Por otro lado, la influenza dejó en evidencia el atraso de nuestro país y la magnitud de nuestra dependencia con el extranjero en cuestiones de ciencia y tecnología, en particular en lo que se refiere a la producción de medicamentos y vacunas, así como en la capacidad de identificación del tipo de virus que estaba provocando la epidemia (por cierto, con un poco de coordinación y de apoyo a los grupos especializados, hoy ya es posible en México identificarlos, se tiene la preparación y la tecnología para hacerlo en poco tiempo).
Esta vez fue como un ensayo, tuvimos suerte, pero tenemos que estar preparados para la siguiente, es posible que como ha ocurrido en la historia de las epidemias de influenza (en especial la terrible de 1918) el virus pueda retornar con igual o mayor letalidad. No olvidemos que en la temporada de invierno se presentan casos de influenza provocados por diversos virus, los llamados estacionales, que acompañados de una variante de AH1N1 u otro, podrían generar nuevamente una epidemia. Necesitamos tener dosis suficientes de antivirales (hay que apoyar a quienes los están produciendo en México como es el caso del Instituto de Biotecnología de la UNAM, además de adquirir los que hagan falta) y lo mismo con las vacunas. No podemos darnos el lujo de equivocarnos, pues se trata de vidas humanas.

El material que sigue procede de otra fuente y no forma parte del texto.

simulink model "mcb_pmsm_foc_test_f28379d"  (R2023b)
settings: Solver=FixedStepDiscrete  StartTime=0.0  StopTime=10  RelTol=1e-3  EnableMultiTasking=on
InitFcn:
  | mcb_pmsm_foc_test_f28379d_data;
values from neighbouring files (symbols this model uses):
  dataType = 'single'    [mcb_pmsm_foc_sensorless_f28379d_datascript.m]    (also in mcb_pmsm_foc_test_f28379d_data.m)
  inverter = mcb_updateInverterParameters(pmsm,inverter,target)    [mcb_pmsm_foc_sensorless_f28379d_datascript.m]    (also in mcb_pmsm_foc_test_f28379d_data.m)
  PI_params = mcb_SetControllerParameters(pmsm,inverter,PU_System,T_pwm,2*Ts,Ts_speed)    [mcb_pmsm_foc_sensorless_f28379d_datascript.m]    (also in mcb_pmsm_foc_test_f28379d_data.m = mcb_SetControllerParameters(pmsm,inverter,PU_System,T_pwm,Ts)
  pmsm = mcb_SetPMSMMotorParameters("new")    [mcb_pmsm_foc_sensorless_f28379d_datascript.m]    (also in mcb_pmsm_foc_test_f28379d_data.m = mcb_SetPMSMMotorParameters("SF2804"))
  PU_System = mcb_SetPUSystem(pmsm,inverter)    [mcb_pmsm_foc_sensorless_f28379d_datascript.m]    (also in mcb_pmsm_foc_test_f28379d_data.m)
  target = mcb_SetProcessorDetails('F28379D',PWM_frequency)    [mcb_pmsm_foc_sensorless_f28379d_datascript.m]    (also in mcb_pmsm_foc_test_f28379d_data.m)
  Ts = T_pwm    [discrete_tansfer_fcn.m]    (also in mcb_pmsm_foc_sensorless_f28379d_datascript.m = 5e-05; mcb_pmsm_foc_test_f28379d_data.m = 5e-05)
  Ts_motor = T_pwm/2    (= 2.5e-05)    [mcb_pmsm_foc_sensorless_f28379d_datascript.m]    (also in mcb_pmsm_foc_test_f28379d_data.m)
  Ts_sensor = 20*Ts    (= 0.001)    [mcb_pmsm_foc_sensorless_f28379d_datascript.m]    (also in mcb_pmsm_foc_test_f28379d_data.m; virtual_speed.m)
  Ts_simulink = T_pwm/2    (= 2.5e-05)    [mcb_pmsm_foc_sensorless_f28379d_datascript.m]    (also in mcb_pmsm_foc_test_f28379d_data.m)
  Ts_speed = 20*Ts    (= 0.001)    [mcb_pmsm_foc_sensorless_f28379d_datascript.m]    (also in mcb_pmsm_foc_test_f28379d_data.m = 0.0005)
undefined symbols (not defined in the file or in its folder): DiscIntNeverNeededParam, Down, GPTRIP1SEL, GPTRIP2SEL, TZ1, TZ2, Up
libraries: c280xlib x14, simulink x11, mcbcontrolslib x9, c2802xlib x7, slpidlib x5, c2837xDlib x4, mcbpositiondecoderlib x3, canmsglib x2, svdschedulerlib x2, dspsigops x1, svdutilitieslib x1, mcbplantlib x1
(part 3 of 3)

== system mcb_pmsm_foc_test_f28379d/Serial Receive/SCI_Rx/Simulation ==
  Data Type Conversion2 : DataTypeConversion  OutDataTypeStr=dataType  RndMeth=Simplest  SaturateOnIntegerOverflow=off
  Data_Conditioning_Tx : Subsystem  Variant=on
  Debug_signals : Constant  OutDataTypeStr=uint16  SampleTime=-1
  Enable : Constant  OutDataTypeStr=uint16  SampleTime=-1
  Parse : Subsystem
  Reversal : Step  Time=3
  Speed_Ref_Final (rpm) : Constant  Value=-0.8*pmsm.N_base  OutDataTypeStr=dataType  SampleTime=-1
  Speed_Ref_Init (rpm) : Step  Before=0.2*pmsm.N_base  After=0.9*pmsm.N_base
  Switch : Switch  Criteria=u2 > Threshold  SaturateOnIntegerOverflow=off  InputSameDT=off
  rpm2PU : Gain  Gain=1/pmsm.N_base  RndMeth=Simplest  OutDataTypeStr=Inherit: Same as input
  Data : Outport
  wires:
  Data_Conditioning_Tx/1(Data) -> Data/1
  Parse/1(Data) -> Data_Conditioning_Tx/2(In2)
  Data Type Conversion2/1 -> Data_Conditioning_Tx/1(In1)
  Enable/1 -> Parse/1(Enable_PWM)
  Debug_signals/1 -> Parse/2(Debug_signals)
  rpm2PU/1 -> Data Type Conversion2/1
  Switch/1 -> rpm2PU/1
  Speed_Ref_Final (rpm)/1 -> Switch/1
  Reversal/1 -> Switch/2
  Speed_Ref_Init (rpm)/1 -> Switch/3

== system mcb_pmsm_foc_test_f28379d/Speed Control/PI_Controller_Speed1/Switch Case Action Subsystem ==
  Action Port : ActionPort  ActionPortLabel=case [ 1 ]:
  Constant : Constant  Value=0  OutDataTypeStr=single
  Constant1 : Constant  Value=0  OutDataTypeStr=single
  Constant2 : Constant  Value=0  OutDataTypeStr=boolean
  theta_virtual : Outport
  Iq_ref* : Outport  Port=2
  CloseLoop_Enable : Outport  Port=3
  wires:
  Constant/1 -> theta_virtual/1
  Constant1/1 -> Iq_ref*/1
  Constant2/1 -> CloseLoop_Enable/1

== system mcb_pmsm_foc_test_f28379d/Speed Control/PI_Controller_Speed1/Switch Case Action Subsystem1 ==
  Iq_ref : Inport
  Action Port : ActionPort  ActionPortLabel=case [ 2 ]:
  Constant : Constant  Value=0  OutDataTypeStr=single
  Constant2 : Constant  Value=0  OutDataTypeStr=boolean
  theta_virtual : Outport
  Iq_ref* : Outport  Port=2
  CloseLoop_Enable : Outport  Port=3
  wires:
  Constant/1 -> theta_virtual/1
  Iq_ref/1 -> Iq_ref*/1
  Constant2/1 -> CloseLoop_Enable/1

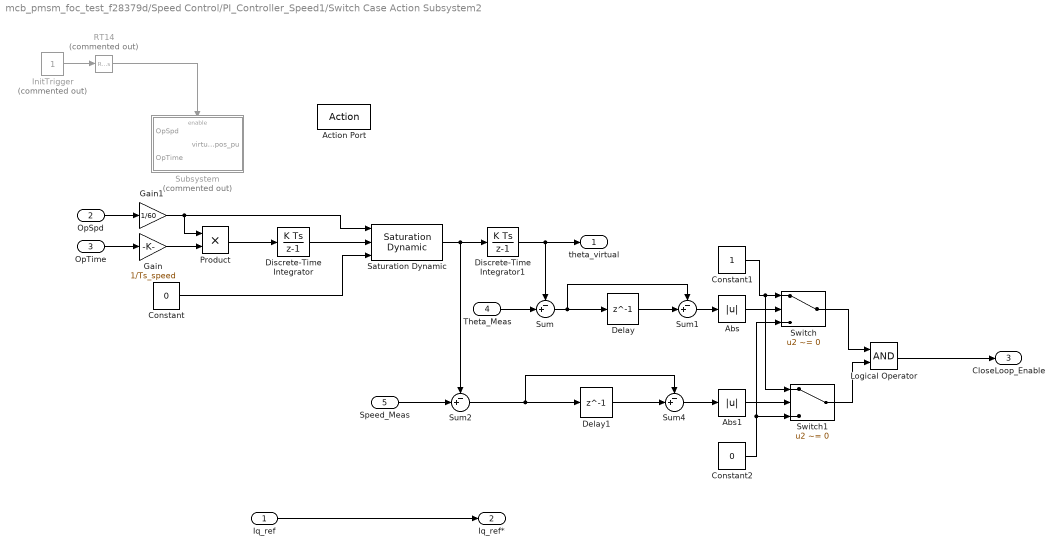
== system mcb_pmsm_foc_test_f28379d/Speed Control/PI_Controller_Speed1/Switch Case Action Subsystem2 ==
  Iq_ref : Inport
  OpSpd : Inport  Port=2
  OpTime : Inport  Port=3
  Theta_Meas : Inport  Port=4
  Speed_Meas : Inport  Port=5
  Action Port : ActionPort  ActionPortLabel=case [ 3 ]:
  Abs : Abs  SaturateOnIntegerOverflow=off
  Abs1 : Abs  SaturateOnIntegerOverflow=off
  Constant : Constant  Value=0
  Constant1 : Constant  OutDataTypeStr=boolean
  Constant2 : Constant  Value=0  OutDataTypeStr=boolean
  Delay : Delay  DelayLength=1  InitialCondition=0
  Delay1 : Delay  DelayLength=1  InitialCondition=0
  Discrete-Time Integrator : DiscreteIntegrator  SampleTime=-1  OutDataTypeStr=single  ICPrevOutput=DiscIntNeverNeededParam  ICPrevScaledInput=DiscIntNeverNeededParam
  Discrete-Time Integrator1 : DiscreteIntegrator  SampleTime=-1  OutDataTypeStr=single  ICPrevOutput=DiscIntNeverNeededParam  ICPrevScaledInput=DiscIntNeverNeededParam
  Gain : Gain  Gain=1/Ts_speed
  Gain1 : Gain  Gain=1/60
  InitTrigger : Constant  Priority=10  Commented=on  OutDataTypeStr=boolean
  Logical Operator : Logic  AllPortsSameDT=off  OutDataTypeStr=boolean
  Product : Product  OutDataTypeStr=single
  RT14 : RateTransition  Commented=on  Deterministic=off  OutPortSampleTime=Ts_sensor
  Saturation Dynamic : simulink/Discontinuities/Saturation Dynamic  OutMin=[]  OutMax=[]  OutDataTypeStr=single  OutDataType=fixdt(1, 16)  OutScaling=2^-10  DoSatur=off
  Subsystem : Subsystem  Commented=on
  Sum{,1..2,4} (4 alike) : Sum  Inputs=-+|
  Switch : Switch  Criteria=u2 ~= 0  SaturateOnIntegerOverflow=off  InputSameDT=off
  Switch1 : Switch  Criteria=u2 ~= 0  SaturateOnIntegerOverflow=off  InputSameDT=off
  theta_virtual : Outport
  Iq_ref* : Outport  Port=2
  CloseLoop_Enable : Outport  Port=3
  wires:
  Iq_ref/1 -> Iq_ref*/1
  InitTrigger/1 -> RT14/1
  RT14/1 -> Subsystem/Enable
  Constant/1 -> Saturation Dynamic/3
  OpSpd/1 -> Gain1/1
  Gain/1 -> Product/2
  OpTime/1 -> Gain/1
  Product/1 -> Discrete-Time Integrator/1
  Gain1/1 -> Saturation Dynamic/1, Product/1
  Discrete-Time Integrator/1 -> Saturation Dynamic/2
  Saturation Dynamic/1 -> Sum2/1, Discrete-Time Integrator1/1
  Discrete-Time Integrator1/1 -> Sum/1, theta_virtual/1
  Theta_Meas/1 -> Sum/2
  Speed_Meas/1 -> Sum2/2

Una de las fallas más grandes que exhibió la epidemia fue la poca importancia que el gobierno le da a la ciencia. Se puede incluso hablar de un menosprecio a la investigación científica, tecnológica y por supuesto a la humanística, claramente visible en los escasos recursos que se le asignan (0.33% del PIB), aún cuando tenemos como país el compromiso de asignar como mínimo 1% del PIB.
En un ejercicio de autocrítica debemos reconocer las deficiencias que tenemos y aprender las lecciones que estos eventos dejan. Tenemos la oportunidad de prepararnos para cualquier epidemia, pues hemos aprendido la importancia de la difusión y enseñanza de conocimientos científicos, éticos y médicos y en consecuencia tenemos la obligación de sentar las bases para desarrollar una sólida cultura científica que vaya desde los niños, y en general a los ciudadanos, hasta las clases dirigentes.
Hemos re-aprendido comportamientos básicos de cuidados a la salud que se habían perdido en la cotidianidad, hábitos tan sencillos como lavarse las manos con frecuencia y comer alimentos preparados con normas de higiene. Hemos aprendido que los gastos en investigación científica y desarrollo tecnológico no son lujos, sino una necesidad que nos permite resolver problemas prioritarios; hemos aprendido también que depender de la ciencia y la tecnología del extranjero cuesta mucho más caro que destinar recursos a nuestras universidades y demás centros de investigación; que necesitamos un sistema eficiente de salud pública con entidades que trabajen coordinadamente entre sí y con los centros de investigación del país, que no deje la vida de un ser humano en manos de la suerte y la casualidad.
Ante la falta de una preparación adecuada para enfrentar la epidemia, las medidas extremas que se tomaron fueron correctas, pero no dejemos que el atraso regule la historia de nuestras vidas y el desarrollo del país. El costo en vidas, pérdida de empleos y recursos económicos no debe repetirse.